(Records from a collection)
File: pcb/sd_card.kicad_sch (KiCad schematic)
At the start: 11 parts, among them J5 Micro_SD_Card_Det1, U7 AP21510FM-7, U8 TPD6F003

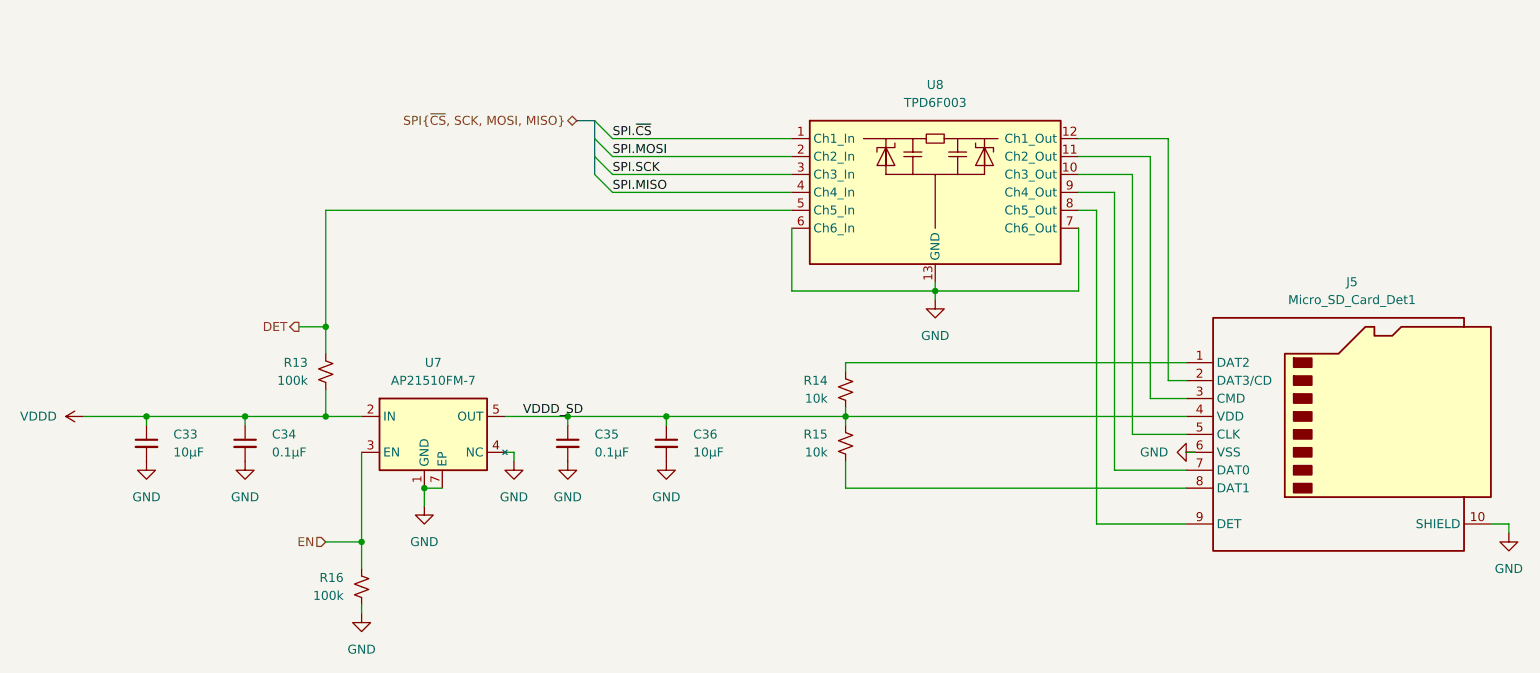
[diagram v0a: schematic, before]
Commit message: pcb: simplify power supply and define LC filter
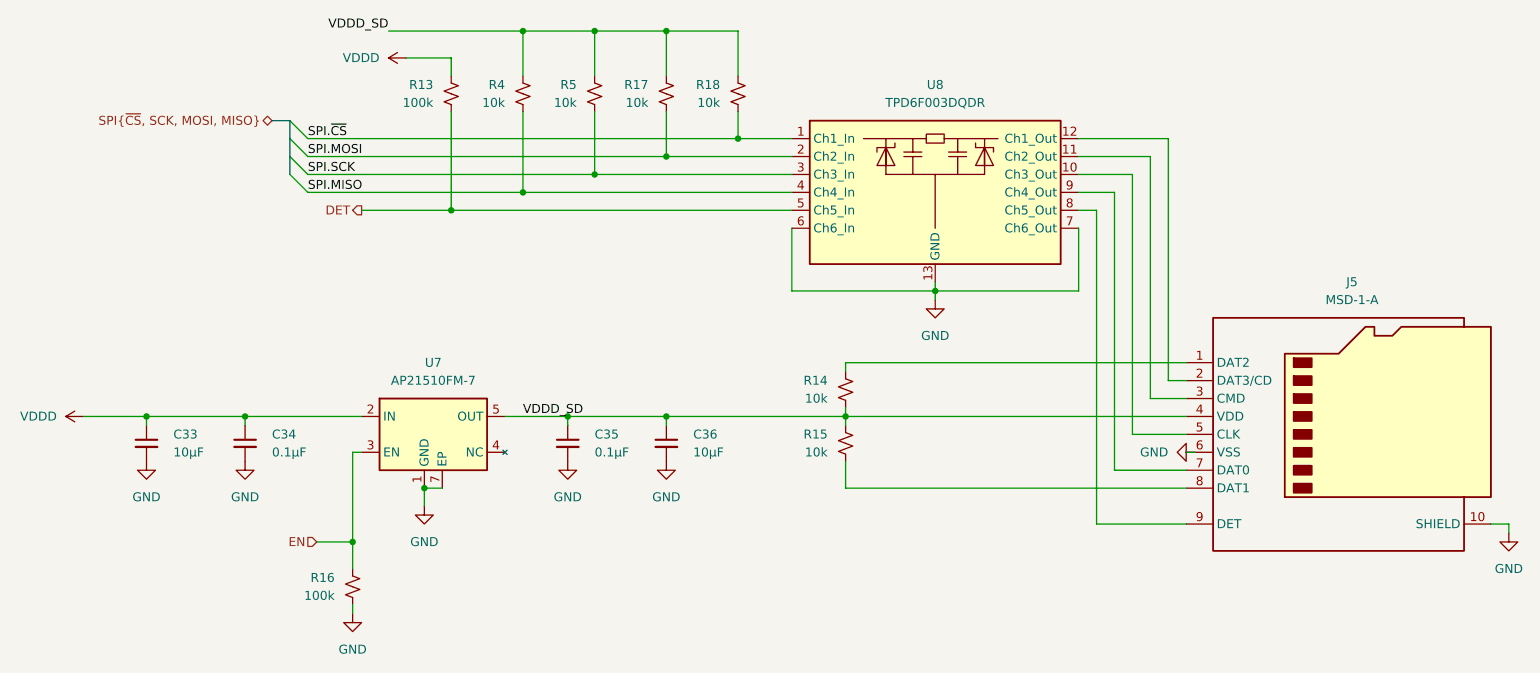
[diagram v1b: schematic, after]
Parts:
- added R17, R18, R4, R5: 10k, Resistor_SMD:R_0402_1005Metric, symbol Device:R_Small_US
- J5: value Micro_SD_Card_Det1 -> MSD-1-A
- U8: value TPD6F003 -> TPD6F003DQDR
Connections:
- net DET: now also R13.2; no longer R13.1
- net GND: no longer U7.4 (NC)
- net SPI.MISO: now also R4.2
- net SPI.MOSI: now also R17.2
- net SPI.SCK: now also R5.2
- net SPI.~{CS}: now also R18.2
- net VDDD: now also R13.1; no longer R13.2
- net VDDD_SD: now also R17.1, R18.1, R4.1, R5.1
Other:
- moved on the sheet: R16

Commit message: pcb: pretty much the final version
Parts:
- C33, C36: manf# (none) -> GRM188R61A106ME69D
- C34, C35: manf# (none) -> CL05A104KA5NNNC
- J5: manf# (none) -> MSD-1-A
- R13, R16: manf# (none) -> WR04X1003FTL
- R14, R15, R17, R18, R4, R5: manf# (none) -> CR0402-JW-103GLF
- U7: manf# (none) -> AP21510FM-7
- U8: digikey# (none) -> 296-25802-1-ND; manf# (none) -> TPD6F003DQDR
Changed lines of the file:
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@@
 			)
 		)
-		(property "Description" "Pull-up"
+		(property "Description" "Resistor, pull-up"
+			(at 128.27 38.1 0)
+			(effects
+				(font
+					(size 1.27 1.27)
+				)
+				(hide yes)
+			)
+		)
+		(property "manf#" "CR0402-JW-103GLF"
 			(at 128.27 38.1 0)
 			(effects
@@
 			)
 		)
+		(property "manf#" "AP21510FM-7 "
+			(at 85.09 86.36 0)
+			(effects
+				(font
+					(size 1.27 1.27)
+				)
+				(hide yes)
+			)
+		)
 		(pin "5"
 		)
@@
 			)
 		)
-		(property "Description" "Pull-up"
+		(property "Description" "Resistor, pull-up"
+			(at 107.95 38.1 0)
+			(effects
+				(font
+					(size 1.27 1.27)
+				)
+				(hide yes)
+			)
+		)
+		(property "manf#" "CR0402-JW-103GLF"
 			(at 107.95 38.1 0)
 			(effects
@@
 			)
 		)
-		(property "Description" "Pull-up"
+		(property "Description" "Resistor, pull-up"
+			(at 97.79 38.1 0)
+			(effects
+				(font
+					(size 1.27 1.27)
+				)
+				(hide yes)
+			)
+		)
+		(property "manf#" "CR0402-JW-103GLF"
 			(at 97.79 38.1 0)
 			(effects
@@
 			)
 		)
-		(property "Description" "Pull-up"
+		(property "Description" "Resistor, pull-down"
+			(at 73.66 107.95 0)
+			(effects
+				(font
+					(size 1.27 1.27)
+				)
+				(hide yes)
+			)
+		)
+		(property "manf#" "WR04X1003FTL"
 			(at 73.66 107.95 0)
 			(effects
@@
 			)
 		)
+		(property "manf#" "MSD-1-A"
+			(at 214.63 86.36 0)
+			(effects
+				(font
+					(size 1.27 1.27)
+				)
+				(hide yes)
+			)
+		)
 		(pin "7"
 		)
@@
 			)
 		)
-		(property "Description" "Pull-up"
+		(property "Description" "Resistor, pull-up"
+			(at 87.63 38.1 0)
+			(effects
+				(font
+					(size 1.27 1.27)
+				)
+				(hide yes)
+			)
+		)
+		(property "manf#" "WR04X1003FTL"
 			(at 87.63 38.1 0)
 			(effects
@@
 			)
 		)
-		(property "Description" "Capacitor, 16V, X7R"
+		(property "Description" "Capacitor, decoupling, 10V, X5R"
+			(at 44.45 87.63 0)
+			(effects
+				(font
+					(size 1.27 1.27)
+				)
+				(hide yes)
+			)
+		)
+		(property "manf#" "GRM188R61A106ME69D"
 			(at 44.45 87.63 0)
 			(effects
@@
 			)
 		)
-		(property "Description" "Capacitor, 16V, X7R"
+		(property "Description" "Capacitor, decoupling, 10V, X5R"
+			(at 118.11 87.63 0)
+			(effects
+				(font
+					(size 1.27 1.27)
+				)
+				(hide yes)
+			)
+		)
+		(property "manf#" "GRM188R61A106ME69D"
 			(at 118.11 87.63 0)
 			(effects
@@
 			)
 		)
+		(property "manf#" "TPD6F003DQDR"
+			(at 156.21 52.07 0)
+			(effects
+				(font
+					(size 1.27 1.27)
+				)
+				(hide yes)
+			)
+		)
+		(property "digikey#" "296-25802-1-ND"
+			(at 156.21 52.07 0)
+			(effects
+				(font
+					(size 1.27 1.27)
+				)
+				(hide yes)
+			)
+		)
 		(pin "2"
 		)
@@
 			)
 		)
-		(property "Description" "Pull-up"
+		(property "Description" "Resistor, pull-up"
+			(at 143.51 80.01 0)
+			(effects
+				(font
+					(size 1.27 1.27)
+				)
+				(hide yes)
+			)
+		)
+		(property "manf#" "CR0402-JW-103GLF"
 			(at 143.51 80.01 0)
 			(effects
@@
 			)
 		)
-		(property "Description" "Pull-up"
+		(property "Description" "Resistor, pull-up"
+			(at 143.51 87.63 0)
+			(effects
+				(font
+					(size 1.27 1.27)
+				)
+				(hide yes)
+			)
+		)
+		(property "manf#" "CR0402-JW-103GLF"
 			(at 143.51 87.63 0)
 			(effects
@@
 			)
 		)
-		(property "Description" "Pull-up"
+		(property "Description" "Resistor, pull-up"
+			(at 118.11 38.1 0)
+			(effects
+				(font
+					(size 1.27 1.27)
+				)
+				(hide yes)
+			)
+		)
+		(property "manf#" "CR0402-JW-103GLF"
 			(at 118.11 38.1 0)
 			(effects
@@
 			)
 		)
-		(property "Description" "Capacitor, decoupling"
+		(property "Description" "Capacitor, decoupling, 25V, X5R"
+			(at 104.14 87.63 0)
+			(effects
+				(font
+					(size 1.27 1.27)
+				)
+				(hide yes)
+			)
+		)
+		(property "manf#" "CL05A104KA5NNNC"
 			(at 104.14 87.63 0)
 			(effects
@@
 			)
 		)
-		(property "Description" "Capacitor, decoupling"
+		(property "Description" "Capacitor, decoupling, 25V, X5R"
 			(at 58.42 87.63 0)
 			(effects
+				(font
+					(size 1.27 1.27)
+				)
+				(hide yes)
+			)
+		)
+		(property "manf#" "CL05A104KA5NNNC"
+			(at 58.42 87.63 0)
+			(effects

__WHAT YOU ARE ASKED TO DO__
Write the records out exactly, dropping every image.

__RESPONSE FOR THIS EXERCISE__
File: pcb/sd_card.kicad_sch (KiCad schematic)
At the start: 11 parts, among them J5 Micro_SD_Card_Det1, U7 AP21510FM-7, U8 TPD6F003

[diagram v0a: schematic, before]
Commit message: pcb: simplify power supply and define LC filter
[diagram v1b: schematic, after]
Parts:
- added R17, R18, R4, R5: 10k, Resistor_SMD:R_0402_1005Metric, symbol Device:R_Small_US
- J5: value Micro_SD_Card_Det1 -> MSD-1-A
- U8: value TPD6F003 -> TPD6F003DQDR
Connections:
- net DET: now also R13.2; no longer R13.1
- net GND: no longer U7.4 (NC)
- net SPI.MISO: now also R4.2
- net SPI.MOSI: now also R17.2
- net SPI.SCK: now also R5.2
- net SPI.~{CS}: now also R18.2
- net VDDD: now also R13.1; no longer R13.2
- net VDDD_SD: now also R17.1, R18.1, R4.1, R5.1
Other:
- moved on the sheet: R16

Commit message: pcb: pretty much the final version
Parts:
- C33, C36: manf# (none) -> GRM188R61A106ME69D
- C34, C35: manf# (none) -> CL05A104KA5NNNC
- J5: manf# (none) -> MSD-1-A
- R13, R16: manf# (none) -> WR04X1003FTL
- R14, R15, R17, R18, R4, R5: manf# (none) -> CR0402-JW-103GLF
- U7: manf# (none) -> AP21510FM-7
- U8: digikey# (none) -> 296-25802-1-ND; manf# (none) -> TPD6F003DQDR
Changed lines of the file:
@@
 			)
 		)
-		(property "Description" "Pull-up"
+		(property "Description" "Resistor, pull-up"
+			(at 128.27 38.1 0)
+			(effects
+				(font
+					(size 1.27 1.27)
+				)
+				(hide yes)
+			)
+		)
+		(property "manf#" "CR0402-JW-103GLF"
 			(at 128.27 38.1 0)
 			(effects
@@
 			)
 		)
+		(property "manf#" "AP21510FM-7 "
+			(at 85.09 86.36 0)
+			(effects
+				(font
+					(size 1.27 1.27)
+				)
+				(hide yes)
+			)
+		)
 		(pin "5"
 		)
@@
 			)
 		)
-		(property "Description" "Pull-up"
+		(property "Description" "Resistor, pull-up"
+			(at 107.95 38.1 0)
+			(effects
+				(font
+					(size 1.27 1.27)
+				)
+				(hide yes)
+			)
+		)
+		(property "manf#" "CR0402-JW-103GLF"
 			(at 107.95 38.1 0)
 			(effects
@@
 			)
 		)
-		(property "Description" "Pull-up"
+		(property "Description" "Resistor, pull-up"
+			(at 97.79 38.1 0)
+			(effects
+				(font
+					(size 1.27 1.27)
+				)
+				(hide yes)
+			)
+		)
+		(property "manf#" "CR0402-JW-103GLF"
 			(at 97.79 38.1 0)
 			(effects
@@
 			)
 		)
-		(property "Description" "Pull-up"
+		(property "Description" "Resistor, pull-down"
+			(at 73.66 107.95 0)
+			(effects
+				(font
+					(size 1.27 1.27)
+				)
+				(hide yes)
+			)
+		)
+		(property "manf#" "WR04X1003FTL"
 			(at 73.66 107.95 0)
 			(effects
@@
 			)
 		)
+		(property "manf#" "MSD-1-A"
+			(at 214.63 86.36 0)
+			(effects
+				(font
+					(size 1.27 1.27)
+				)
+				(hide yes)
+			)
+		)
 		(pin "7"
 		)
@@
 			)
 		)
-		(property "Description" "Pull-up"
+		(property "Description" "Resistor, pull-up"
+			(at 87.63 38.1 0)
+			(effects
+				(font
+					(size 1.27 1.27)
+				)
+				(hide yes)
+			)
+		)
+		(property "manf#" "WR04X1003FTL"
 			(at 87.63 38.1 0)
 			(effects
@@
 			)
 		)
-		(property "Description" "Capacitor, 16V, X7R"
+		(property "Description" "Capacitor, decoupling, 10V, X5R"
+			(at 44.45 87.63 0)
+			(effects
+				(font
+					(size 1.27 1.27)
+				)
+				(hide yes)
+			)
+		)
+		(property "manf#" "GRM188R61A106ME69D"
 			(at 44.45 87.63 0)
 			(effects
@@
 			)
 		)
-		(property "Description" "Capacitor, 16V, X7R"
+		(property "Description" "Capacitor, decoupling, 10V, X5R"
+			(at 118.11 87.63 0)
+			(effects
+				(font
+					(size 1.27 1.27)
+				)
+				(hide yes)
+			)
+		)
+		(property "manf#" "GRM188R61A106ME69D"
 			(at 118.11 87.63 0)
 			(effects
@@
 			)
 		)
+		(property "manf#" "TPD6F003DQDR"
+			(at 156.21 52.07 0)
+			(effects
+				(font
+					(size 1.27 1.27)
+				)
+				(hide yes)
+			)
+		)
+		(property "digikey#" "296-25802-1-ND"
+			(at 156.21 52.07 0)
+			(effects
+				(font
+					(size 1.27 1.27)
+				)
+				(hide yes)
+			)
+		)
 		(pin "2"
 		)
@@
 			)
 		)
-		(property "Description" "Pull-up"
+		(property "Description" "Resistor, pull-up"
+			(at 143.51 80.01 0)
+			(effects
+				(font
+					(size 1.27 1.27)
+				)
+				(hide yes)
+			)
+		)
+		(property "manf#" "CR0402-JW-103GLF"
 			(at 143.51 80.01 0)
 			(effects
@@
 			)
 		)
-		(property "Description" "Pull-up"
+		(property "Description" "Resistor, pull-up"
+			(at 143.51 87.63 0)
+			(effects
+				(font
+					(size 1.27 1.27)
+				)
+				(hide yes)
+			)
+		)
+		(property "manf#" "CR0402-JW-103GLF"
 			(at 143.51 87.63 0)
 			(effects
@@
 			)
 		)
-		(property "Description" "Pull-up"
+		(property "Description" "Resistor, pull-up"
+			(at 118.11 38.1 0)
+			(effects
+				(font
+					(size 1.27 1.27)
+				)
+				(hide yes)
+			)
+		)
+		(property "manf#" "CR0402-JW-103GLF"
 			(at 118.11 38.1 0)
 			(effects
@@
 			)
 		)
-		(property "Description" "Capacitor, decoupling"
+		(property "Description" "Capacitor, decoupling, 25V, X5R"
+			(at 104.14 87.63 0)
+			(effects
+				(font
+					(size 1.27 1.27)
+				)
+				(hide yes)
+			)
+		)
+		(property "manf#" "CL05A104KA5NNNC"
 			(at 104.14 87.63 0)
 			(effects
@@
 			)
 		)
-		(property "Description" "Capacitor, decoupling"
+		(property "Description" "Capacitor, decoupling, 25V, X5R"
 			(at 58.42 87.63 0)
 			(effects
+				(font
+					(size 1.27 1.27)
+				)
+				(hide yes)
+			)
+		)
+		(property "manf#" "CL05A104KA5NNNC"
+			(at 58.42 87.63 0)
+			(effects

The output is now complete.